Frankenstein - 1st issue
Dr. Doolittle and Pushme-Pullyou

Prototype AP casting of MoTM Metaluna Mutant
Prototype casting of MoTM Fay Wray
Prototype casting of Tarzan Head and Cheetah and nameplate
Prototype casting of Wooly Mammoth Tusks and legs
Prototype casting of Cave Woman torso with big chest

MMM


----------



## Cro-Magnon Man (Jun 11, 2001)

Canadian Frightening Lightening Dracula and Phantom of the Opera in the extra-wide boxes are probably my rarest.


----------



## mcdougall (Oct 28, 2007)

The 2009 Toys and Prices book has the Aurora Godzilla Go Cart MIB at $3,750.00 and the BU at $850.00...
So it's probably one of the rarest...
Mcdee


----------



## Auroranut (Jan 12, 2008)

The ones I have are:
Castle Creatures Vampire
Zorro
Batman
Penguin
Robin
all4 standing Knights
Godzilla
Hunchback
Dr Jekyll
Big Horn Sheep
White Stallion
Scotch Lassie
Spiderman
Hulk
Tarzan
Tonto
Blackbeard
Capt.Kidd
Gullotine
The rarest kit I have in my collection is a 2007 genuine Aurora Fokker Triplane (believe it or not...).

Chris.


----------



## scooke123 (Apr 11, 2008)

My Aurora figure kits:
Both versions of thr Guillotine
Superman (Line art version)
Superboy
Batman 
Robin
Batplane
Batmobile
Dick Tracy
Space Coupe
Gladiator
All 4 Knights
Cust Kit #2
Hunchback
Seaview Sub
These are all the long-box versions.
Also have a test shot of the Batmobile in white plastic and a test shot of Comic Scenes Robin in brown plastic.
I got rid of a lot of my boxed Aurora kits and tried to get all built-ups to display instead.
Steve


----------



## sprayray (May 13, 2009)

Hi Guys what's up here is my list of aurora that i have in my collection 

glow phantom of the opera mib 1969
glow witch mib 1969
glow hunchback mib 1969
glow dr. jekyll and mr hyde mib 1969
1960's forgotten prisoner built up 
comic scenes superboy mib
comic scenes hulk mib 
comic scenes tonto mib 
comic scenes spiderman mib 
1960's captain america built up 
1960's man from uncle napoleon solo mib
1960's man from uncle illya kuryakin mib 
1960's green beret mib and a built up kit 
famous fighters series us marine built up 
famous fighters series us sailor mib
famous fighters series the crusader mib long version
famous fighters series the crusader mail away 1970's mib
famous fighters the viking figure 
famous ships viking ship 
guys and gals series chinese mandarin mib and a built up version
guys and gals series chinese girl built up with box 
guys and gals series dutch boy built up 
guys and gals series dutch girl built up
guys and gals scotch lad mib
guys and gals scotch lassie mib 
spartacus built up with diorama
the gladiator built up original with rectangular base and later version with lion and base
iwo jima diorama 
old Ironsides The Tank 

i know its not an aurora kit but i consider to be one of my rarest in my collection is a mint marx frankenstein robot with remote like the one you saw in an episode of the munsters where herman thinks lily had another baby and was going to present him as eddie's little brother anyone remember that ? plus the face has the best likeness to glenn strange frankenstein .


----------



## mcdougall (Oct 28, 2007)

I've got all the Monster kits built up...
My MIBs include...
Both versions of the Guillotine
both Customizing kits
AFHH
Phantom of the Opera
Mummy
Wolfman
Hunchback
Prototypes, Fay Wray...Metaluna Mutant
2007 Fokker
Dr.
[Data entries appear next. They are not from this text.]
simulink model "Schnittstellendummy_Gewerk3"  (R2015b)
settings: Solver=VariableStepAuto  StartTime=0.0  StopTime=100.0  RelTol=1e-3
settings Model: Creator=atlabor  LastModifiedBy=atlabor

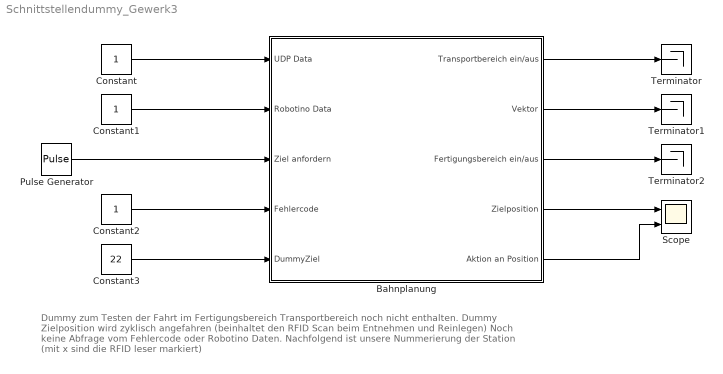
== system Schnittstellendummy_Gewerk3 ==
  note: Dummy zum Testen der Fahrt im Fertigungsbereich Transportbereich noch nicht enthalten.
      | Dummy Zielposition wird zyklisch angefahren (beinhaltet den RFID Scan beim Entnehmen und Reinlegen)
      | Noch keine Abfrage vom Fehlercode oder Robotino Daten.
      | Nachfolgend ist unsere Nummerierung der Station (mit x sind die RFID leser markiert)
  Bahnplanung : Subsystem
  Constant : Constant
  Constant1 : Constant
  Constant2 : Constant
  Constant3 : Constant  Value=22
  Pulse Generator : DiscretePulseGenerator  PulseType=Time based  Period=5  PulseWidth=50
  Scope : Scope  NumInputPorts=2
  Terminator : Terminator
  Terminator1 : Terminator
  Terminator2 : Terminator
  wires:
  Constant/1 -> Bahnplanung/1(UDP Data)
  Constant1/1 -> Bahnplanung/2("Robotino Data ")
  Constant2/1 -> Bahnplanung/4(Fehlercode)
  Constant3/1 -> Bahnplanung/5(DummyZiel)
  Bahnplanung/1(Transportbereich ein/aus) -> Terminator/1
  Bahnplanung/2(Vektor) -> Terminator1/1
  Bahnplanung/3(Fertigungsbereich ein/aus) -> Terminator2/1
  Bahnplanung/4(Zielposition) -> Scope/1
  Bahnplanung/5(Aktion an Position) -> Scope/2
  Pulse Generator/1 -> Bahnplanung/3(Ziel anfordern)

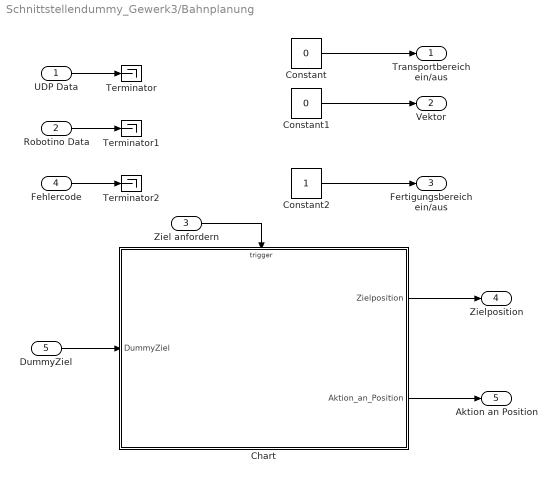
== system Schnittstellendummy_Gewerk3/Bahnplanung ==
  UDP Data : Inport
  "Robotino Data " : Inport  Port=2
  Ziel anfordern : Inport  Port=3
  Fehlercode : Inport  Port=4
  DummyZiel : Inport  Port=5
  Chart : Stateflow chart  TreatAsAtomicUnit=on
  Constant : Constant  Value=0
  Constant1 : Constant  Value=0
  Constant2 : Constant
  Terminator : Terminator
  Terminator1 : Terminator
  Terminator2 : Terminator
  Transportbereich ein/aus : Outport
  Vektor : Outport  Port=2
  Fertigungsbereich ein/aus : Outport  Port=3
  Zielposition : Outport  Port=4
  Aktion an Position : Outport  Port=5
  wires:
  Constant1/1 -> Vektor/1
  Constant/1 -> Transportbereich ein/aus/1
  Constant2/1 -> Fertigungsbereich ein/aus/1
  UDP Data/1 -> Terminator/1
  "Robotino Data "/1 -> Terminator1/1
  Fehlercode/1 -> Terminator2/1
  Chart/1(Zielposition) -> Zielposition/1
  Chart/2(Aktion_an_Position) -> Aktion an Position/1
  Ziel anfordern/1 -> Chart/Trigger
  DummyZiel/1 -> Chart/1(DummyZiel)

== stateflow chart Schnittstellendummy_Gewerk3/Bahnplanung/Chart ==
  settings: sampleTime=0.01
  state Fertigungsbereich
    entry:Werkstueck=0;
    state RFID_einchecken
      entry:Zielposition=DummyZiel-mod(DummyZiel,10)+3,
      Aktion_an_Position=Aktion_Warten;
    state Startpunkt
      entry: Zielposition=DummyZiel-mod(DummyZiel,10);
      Aktion_an_Position=Aktion_Warten;
    state Warten
    state Position_anfahren
      entry:Zielposition=DummyZiel,
      if(Werkstueck==0) Aktion_an_Position=Aktion_Aufnehmen,
      Werkstueck=1;
      else Aktion_an_Position=Aktion_Ablegen,
      Werkstueck=0;
      end
    state Bereich_verlassen
      entry:Zielposition=DummyZiel-mod(DummyZiel,10)+4,
      Aktion_an_Position=Aktion_Warten;
    state RFID_auschecken
      entry:Zielposition=DummyZiel-mod(DummyZiel,10)+3,
      Aktion_an_Position=Aktion_Warten;
    Startpunkt -> RFID_einchecken [order 1] : [Ziel_anfordern & Werkstueck==1]
    (default) -> Startpunkt
    Startpunkt -> Position_anfahren [order 2] : [Ziel_anfordern & Werkstueck==0]
    Warten -> Startpunkt : after(Wartezeit,sec)
    RFID_einchecken -> Position_anfahren : after(Wartezeit,sec)
    Bereich_verlassen -> Warten : Ziel_anfordern
    Position_anfahren -> Bereich_verlassen [order 2] : [Ziel_anfordern & Werkstueck==0]
    Position_anfahren -> RFID_auschecken [order 1] : [Ziel_anfordern & Werkstueck==1]
    RFID_auschecken -> Bereich_verlassen : after(Wartezeit,sec)
  data: DummyZiel input; Zielposition output; Aktion_an_Position output; Aktion_Warten local double =2; Aktion_Aufnehmen local double =1; Aktion_Ablegen local double =0; Werkstueck local double; Wartezeit local double =5
  events: Ziel_anfordern input RISING_EDGE_EVENT

Jekyll as Mr.Hyde
FP
Castle ...Vampire
Oh...I forget...better go check out the Vault...
Mcdee


----------



## buzzconroy (Jun 28, 2002)

My rarest Aurora figure kits is an original godzilla's g o cart and original king kong's thronster, both complete built ups, to me they are the show stoppers on my showcase.Both were restored pieces.

Randy


----------



## tr7nut (Apr 18, 1999)

*justadoggoneminit!!! *

Alright, i've seen mention twice here of the 2007 "Aurora" Aircraft kits. What's the scoop? I paid in advance for one of the WW1 Aircraft when LAPCO was supposedly in the game. Whad' i miss??

Cliff


----------



## Cro-Magnon Man (Jun 11, 2001)

Your Godzilla's Gocart looks familiar, Buzz, like I've seen it before; has it appeared in one of the Aurora books, or maybe it's that you imitated the box artwork identically?


----------



## John P (Sep 1, 1999)

I'm not much of a figure kit collector, but I have an original Godzilla and Superman to restore, and I recently got a Tarzan at a model show, which I built.


----------



## buzzconroy (Jun 28, 2002)

Cro-Magnon Man said:


> Your Godzilla's Gocart looks familiar, Buzz, like I've seen it before; has it appeared in one of the Aurora books, or maybe it's that you imitated the box artwork identically?


I had it posted here a few years back, I did it like the box art.
Randy


----------



## mrmurph (Nov 21, 2007)

Both of those built-ups are beauteous, Buzz. Thanks for sharing.

As for rare kits, I don't really have any. I guess the two that come closest are the Anthony Quinn hunchback unbuilt in an okay box, and an original Aurora BoF which I paid way too much for back in the day (but which still makes me happy).


----------



## longbox (Nov 4, 2007)

Cro-Magnon Man said:


> Canadian Frightening Lightening Dracula and Phantom of the Opera in the extra-wide boxes are probably my rarest.


Please post pictures if possible these boxes are my favourites and rarely (never) seen on the web.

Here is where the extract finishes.